Ok, so just watching Paul Daltons latest video of the "engine out Porsche Carrera" detail... And I got thinking about the music he uses....

I've also noticed the same on his past videos, some of VXR Marcs and other people that make detailing videos... Where do you get these types of tunes from? Instead of using some dance/hip-hop music they may put a viewer off, I find that this kind of intsrumental music works really well, but wouldn't have a clue where to look, or what artists to check out....

Any help would be great,

Cheers,

Mat

:thumb:


----------



## Auto Finesse (Jan 10, 2007)

Depends what type of tunes you want, im not really a fan of that trancy stuff some people use, i just use tracks i like and be done with it 

Beatport is a good place to start, but remember its not really aloud, you should buy royalty free music if you want to use it in promotional videos  or get permission.


----------



## RandomlySet (Jul 10, 2007)

cheers fella... I've experimented with videos lately, and just used tracks I like, but not everyone is into UKHH, old school hip hop etc.... The stuff I've seen Paul and other people (even stuff not detailing related) seems, well, "neutral"..... The music feels as though it has no influence on the viewer what-so-ever if that makes sense


----------



## Jed (Aug 1, 2010)

another, possibly free and definitely legal alternative would be to contact unsigned bands that you like the sound of, through facebook/myspace etc and ask if you could use a track in return for a link to their site and a credit at the end of the video. most unsigned bands would be up for that, but you will come across the odd **** that thinks he's the next Robbie Williams.


----------



## RandomlySet (Jul 10, 2007)

Sorry to bump again.... 

I've been asking around for local bands etc to share their music, in exchange to link exchange and full accreditation. I've also been looking online for albums, but the only "relaxing" ones I've found are the kind you'd have in a spa, or massage parlour or somewhere.....

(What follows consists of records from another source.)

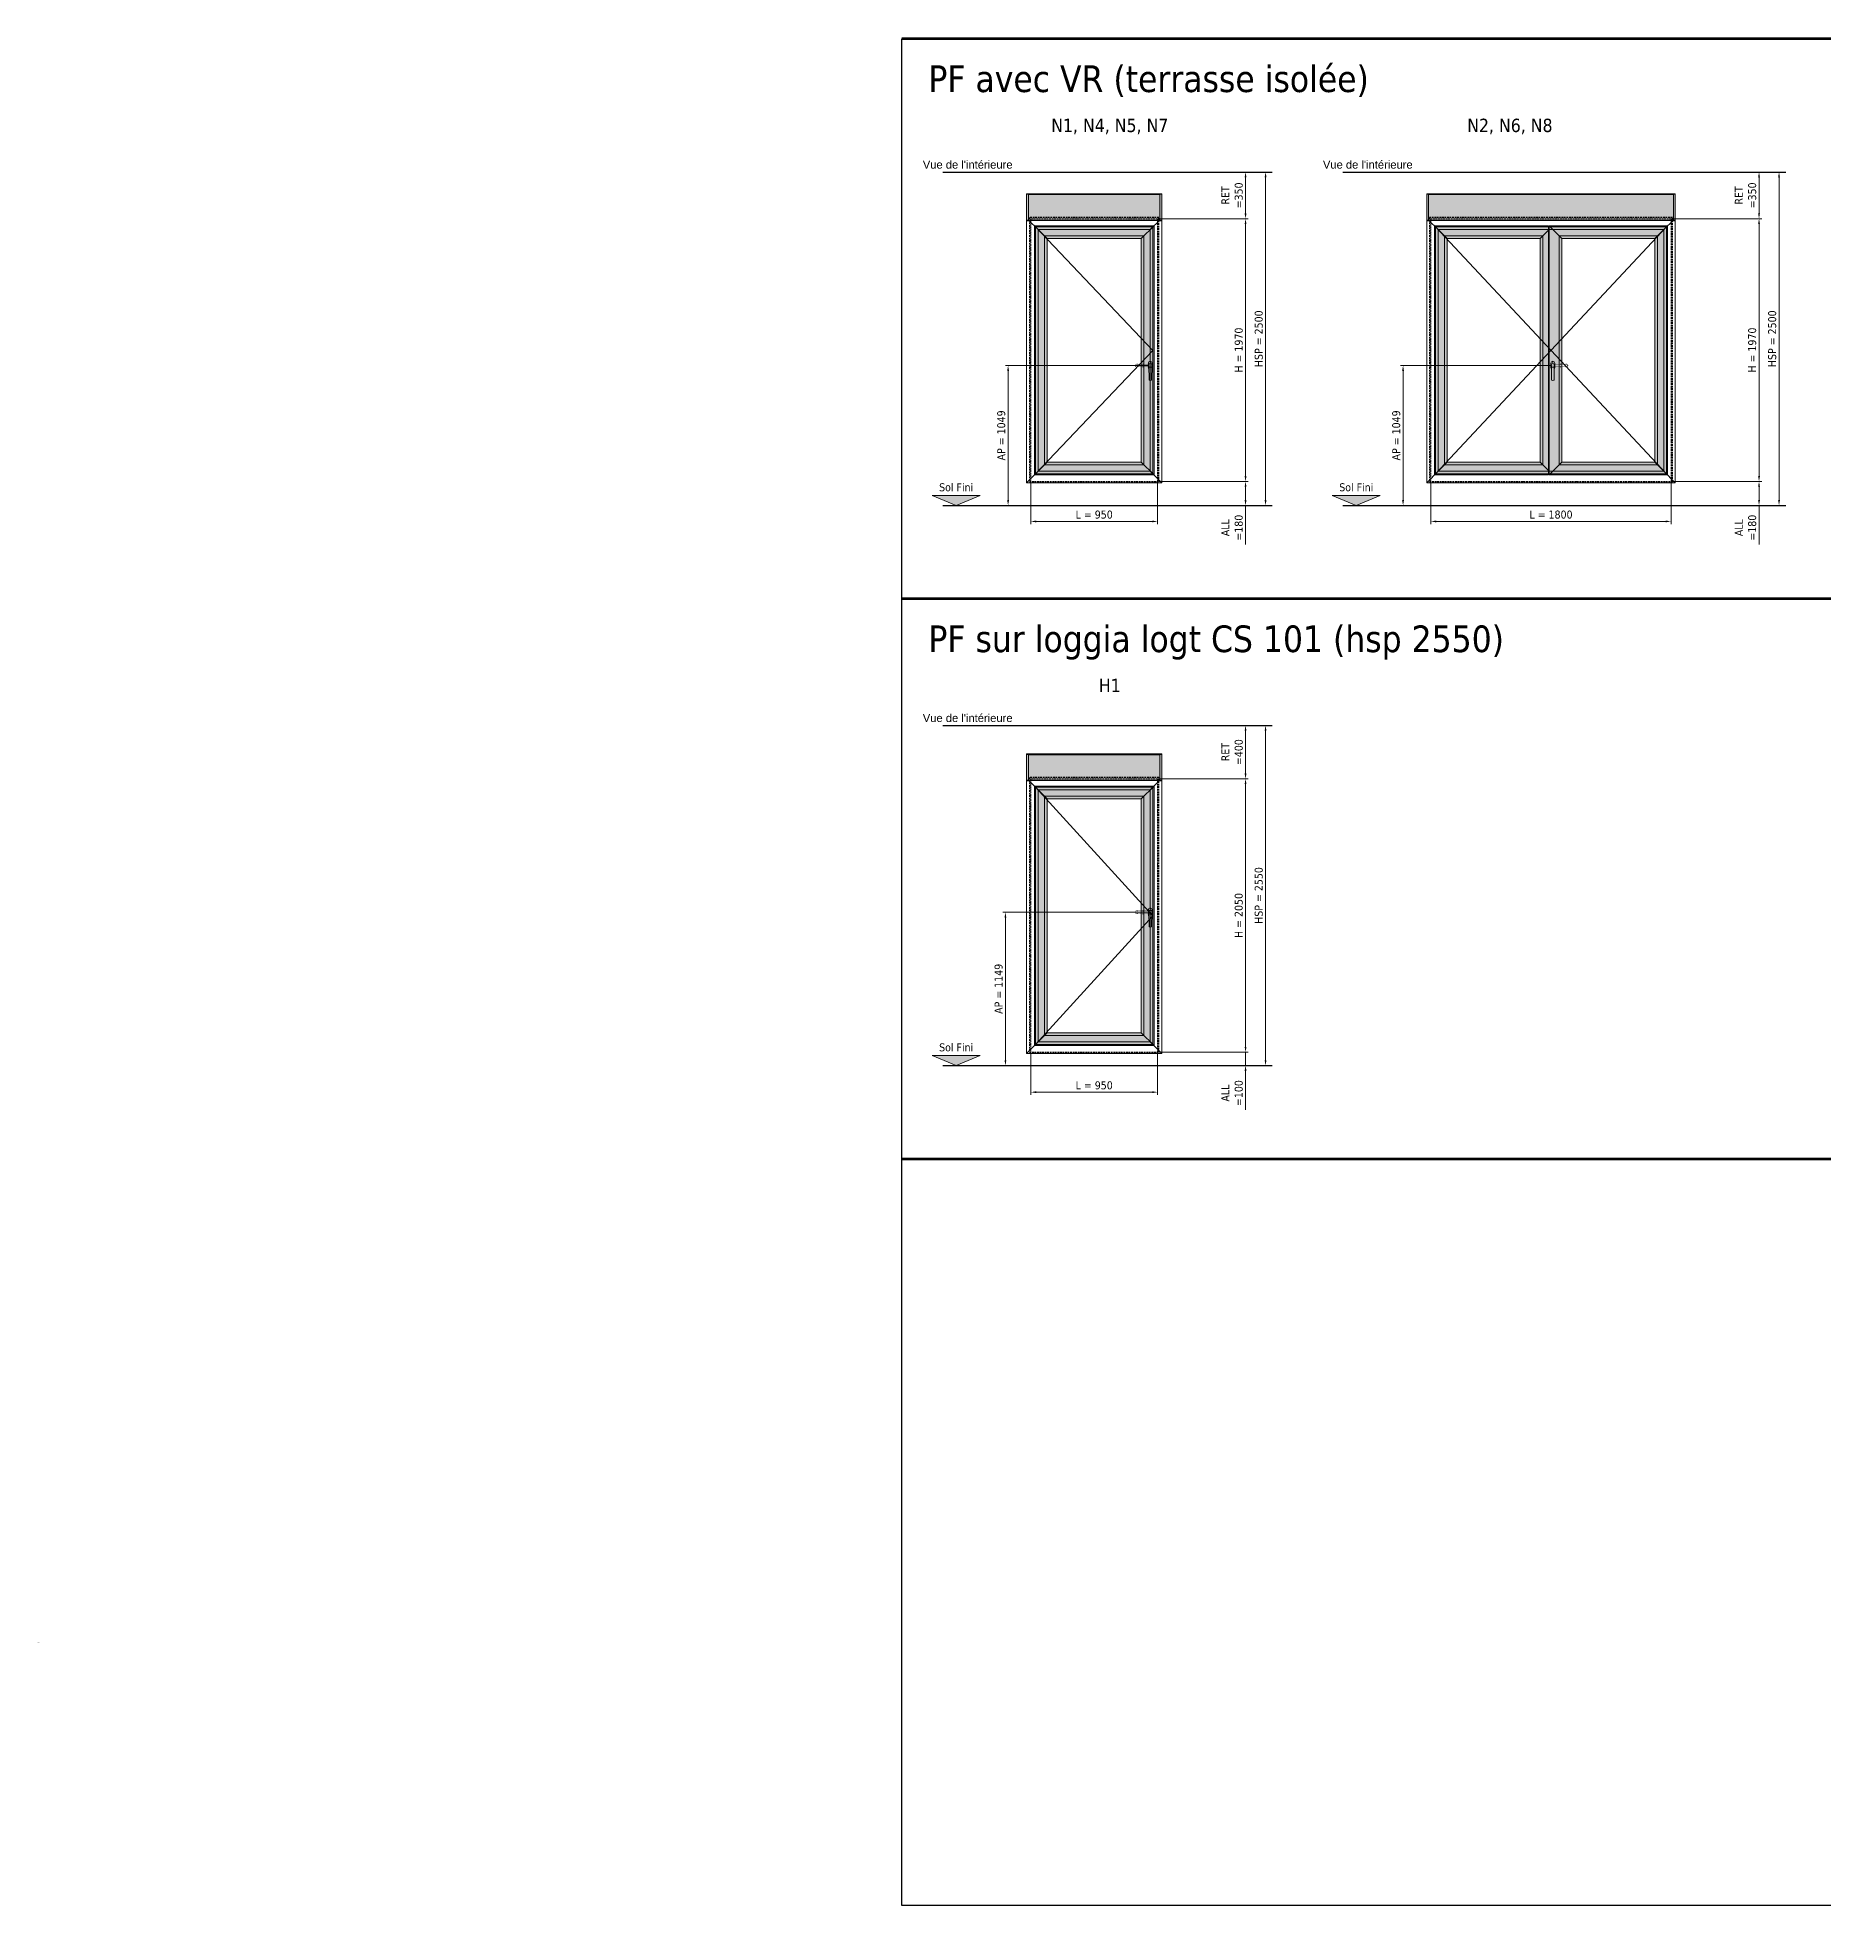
# Model space of a CAD drawing. Header units: millimetres. Extents: x -20000 to 230000, y -17405 to 24510.
# Drawn here: x 24019 to 37412, y 10500 to 24510 of the extents above; entities that cross this region are included whole.
import ezdxf
from ezdxf.enums import TextEntityAlignment as Align

# ---------------------------------------------------------------- set-up
doc = ezdxf.new("R2010")
doc.units = ezdxf.units.MM
doc.header["$PDMODE"] = 35
doc.header["$PDSIZE"] = 0.5
for name, pattern in [('ACAD_ISO07W100', [3, 0, -3]), ('AXES', [50.8, 31.75, -6.35, 6.35, -6.35]), ('CACHE', [9.525, 6.35, -3.175]), ('POINTILLE', [6.35, 0, -6.35])]:
    doc.linetypes.add(name, pattern=pattern)
doc.layers.get('0').update_dxf_attribs({"lineweight": 13})
doc.layers.get('Defpoints').update_dxf_attribs({"true_color": 0xc2a584})
doc.layers.add('0 - Invisible', color=43, linetype='Continuous', lineweight=0, plot=False)
doc.layers.add('Non visible', color=163, linetype='Continuous', lineweight=25, plot=False)
for name, color, linetype, lineweight in [('1 - Axe', 1, 'AXES', 0), ('1 - BETON', 251, 'Continuous', 25), ('1 - Cotation', 32, 'Continuous', 13), ('1 - Isolant', 132, 'Continuous', 13), ('1 - PVC', 7, 'Continuous', 13), ('1 - Texte', 7, 'Continuous', 13), ('Repère coupe et élévation', 145, 'Continuous', 13), ('Texte', 7, 'Continuous', 13)]:
    doc.layers.add(name, color=color, linetype=linetype, lineweight=lineweight)
doc.layers.add('1 - Cache', color=7, linetype='Continuous', lineweight=0, true_color=0xffffff)
doc.styles.get("Standard").update_dxf_attribs({"font": 'ARIALUNI.TTF'})
doc.styles.add('Texte Poralu', font='tahomabd.ttf')
doc.dimstyles.new('100 - 5000', dxfattribs={"dimtxt": 60, "dimasz": 40, "dimexe": 20, "dimexo": 10, "dimgap": 20, "dimtad": 1, "dimdec": 1, "dimtxsty": 'Texte Poralu', "dimcen": 40, "dimazin": 0, "dimtfac": 1, "dimtdec": 1, "dimtmove": 0, "dimatfit": 3, "dimfxl": 1, "dimarcsym": 0})

# ---------------------------------------------------------------- blocks, each defined once
blk = doc.blocks.new('Règle pour élévation')
at = {"const_width": 20}
blk.add_lwpolyline([(0, 0), (20250, 0)], dxfattribs=at)
at = {"layer": 'Defpoints', "color": 2}
for p in [(500, 0), (1000, 0), (1500, 0), (2000, 0), (2500, 0), (3000, 0), (3500, 0), (4000, 0), (4500, 0), (5000, 0), (5500, 0), (6000, 0), (6500, 0), (7000, 0), (7500, 0), (8000, 0), (8500, 0), (9000, 0), (9500, 0), (10000, 0), (10500, 0), (11000, 0), (11500, 0), (12000, 0), (12500, 0), (13000, 0), (13500, 0), (14000, 0), (14500, 0), (15000, 0), (15500, 0), (16000, 0), (16500, 0), (17000, 0), (17500, 0), (18000, 0), (18500, 0), (19000, 0), (19500, 0), (20000, 0)]:
    blk.add_point(p, dxfattribs=at)
blk = doc.blocks.new('Cartouche - Indice B')
at = {"insert": (0, 0), "char_height": 10, "attachment_point": 5, "style": 'Texte Poralu'}
blk.add_mtext('B', dxfattribs=at)
blk = doc.blocks.new('Cartouche - Indice C')
at = {"insert": (0, 0), "char_height": 10, "attachment_point": 5, "style": 'Texte Poralu'}
blk.add_mtext('C', dxfattribs=at)
blk = doc.blocks.new('Cartouche - Indice B - Date')
at = {"insert": (0, 0), "char_height": 1.5, "attachment_point": 5, "style": 'Texte Poralu'}
blk.add_mtext('05/06/2015', dxfattribs=at)
blk = doc.blocks.new('Cartouche - Indice C - Date')
at = {"insert": (0, 0), "char_height": 10, "attachment_point": 5, "style": 'Texte Poralu'}
blk.add_mtext('25/09/2015', dxfattribs=at)
blk = doc.blocks.new('Cartouche - Indice B - Projeteur')
at = {"insert": (0, 0), "char_height": 10, "attachment_point": 5, "style": 'Texte Poralu'}
blk.add_mtext('M. Branchu', dxfattribs=at)
blk = doc.blocks.new('Cartouche - Indice C - Projeteur')
at = {"insert": (0, 0), "char_height": 10, "attachment_point": 5, "style": 'Texte Poralu'}
blk.add_mtext('M. Branchu', dxfattribs=at)
blk = doc.blocks.new('*D1903')
at = {"layer": '1 - Cotation', "color": 0, "lineweight": -2, "transparency": 16777216}
for p, q in [((2710, 2500), (2700, 2500)), ((2720, 2460), (2720, 40)), ((2710, 0), (2700, 0))]:
    blk.add_line(p, q, dxfattribs=at)
at = {"layer": '1 - Cotation', "color": 0, "transparency": 16777216}
for points in [[(2713, 2460), (2727, 2460), (2720, 2500)], [(2713, 40), (2727, 40), (2720, 0)]]:
    blk.add_solid(points, dxfattribs=at)
at = {"layer": 'Defpoints', "color": 0, "transparency": 16777216}
for p in [(2720, 2500), (2720, 0), (2720, 0)]:
    blk.add_point(p, dxfattribs=at)
at = {"layer": '1 - Cotation', "color": 0, "transparency": 16777216, "insert": (2669, 1250), "char_height": 60, "attachment_point": 5, "rotation": 90, "style": 'Texte Poralu'}
blk.add_mtext('HSP = 2500', dxfattribs=at)
blk = doc.blocks.new('*D1904')
at = {"layer": '1 - Cotation', "color": 0, "lineweight": -2, "transparency": 16777216}
for p, q in [((1920, 180), (2590, 180)), ((2560, 0), (2550, 0)), ((2570, 140), (2570, 40)), ((2570, 0), (2570, -293))]:
    blk.add_line(p, q, dxfattribs=at)
at = {"layer": '1 - Cotation', "color": 0, "transparency": 16777216}
for points in [[(2563, 140), (2577, 140), (2570, 180)], [(2563, 40), (2577, 40), (2570, 0)]]:
    blk.add_solid(points, dxfattribs=at)
at = {"layer": 'Defpoints', "color": 0, "transparency": 16777216}
for p in [(1910, 180), (2570, 0), (2570, 0)]:
    blk.add_point(p, dxfattribs=at)
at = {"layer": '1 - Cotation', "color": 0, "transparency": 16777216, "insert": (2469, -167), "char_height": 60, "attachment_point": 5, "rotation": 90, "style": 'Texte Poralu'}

Really want to good music. You know, the type you see on Top Gear and other TV programs when they show video montages etc......

Suggestions?


----------



## Auto Finesse (Jan 10, 2007)

You will need to look for royalty free music sites, but your going to pay anywhere between 7.99 -50.00 + for the right to use it.


----------



## RandomlySet (Jul 10, 2007)

Cheers dude... Is there anything you suggest? I know you said you go with what you like, but TBH, my taste in music isn't really appreciated by the masses (Nas, Roots Manuva, Dead Prez, all sorts of hip hop basically, and not charty stuff).... So I've been resorting to classics etc....

What I want really is something with very few words (or full instrumental) and will please everyone....


----------



## ITHAQVA (Feb 20, 2011)

You want ultra relaxing???? Check out Dark Ambient & all its sub styles :thumb:

Full instrumental guarenteed  Even if its a bit on the scary side for some. :devil:


----------



## RandomlySet (Jul 10, 2007)

not ultra relaxing. Just something nice, bit of a beat, but not too dancy..... god knows TBH! I'll keep scouting around as all I have that are instrumentals is Roots Manuva's album - Dub Come Save Me, and a few other tracks that have been dubbed (Jurrasic 5 - Action Satisfaction)


----------



## JenJen (Jun 30, 2010)

I have the music for pauls konzeg (my nickname for the car) 

Spoke to the man that compossed the music


----------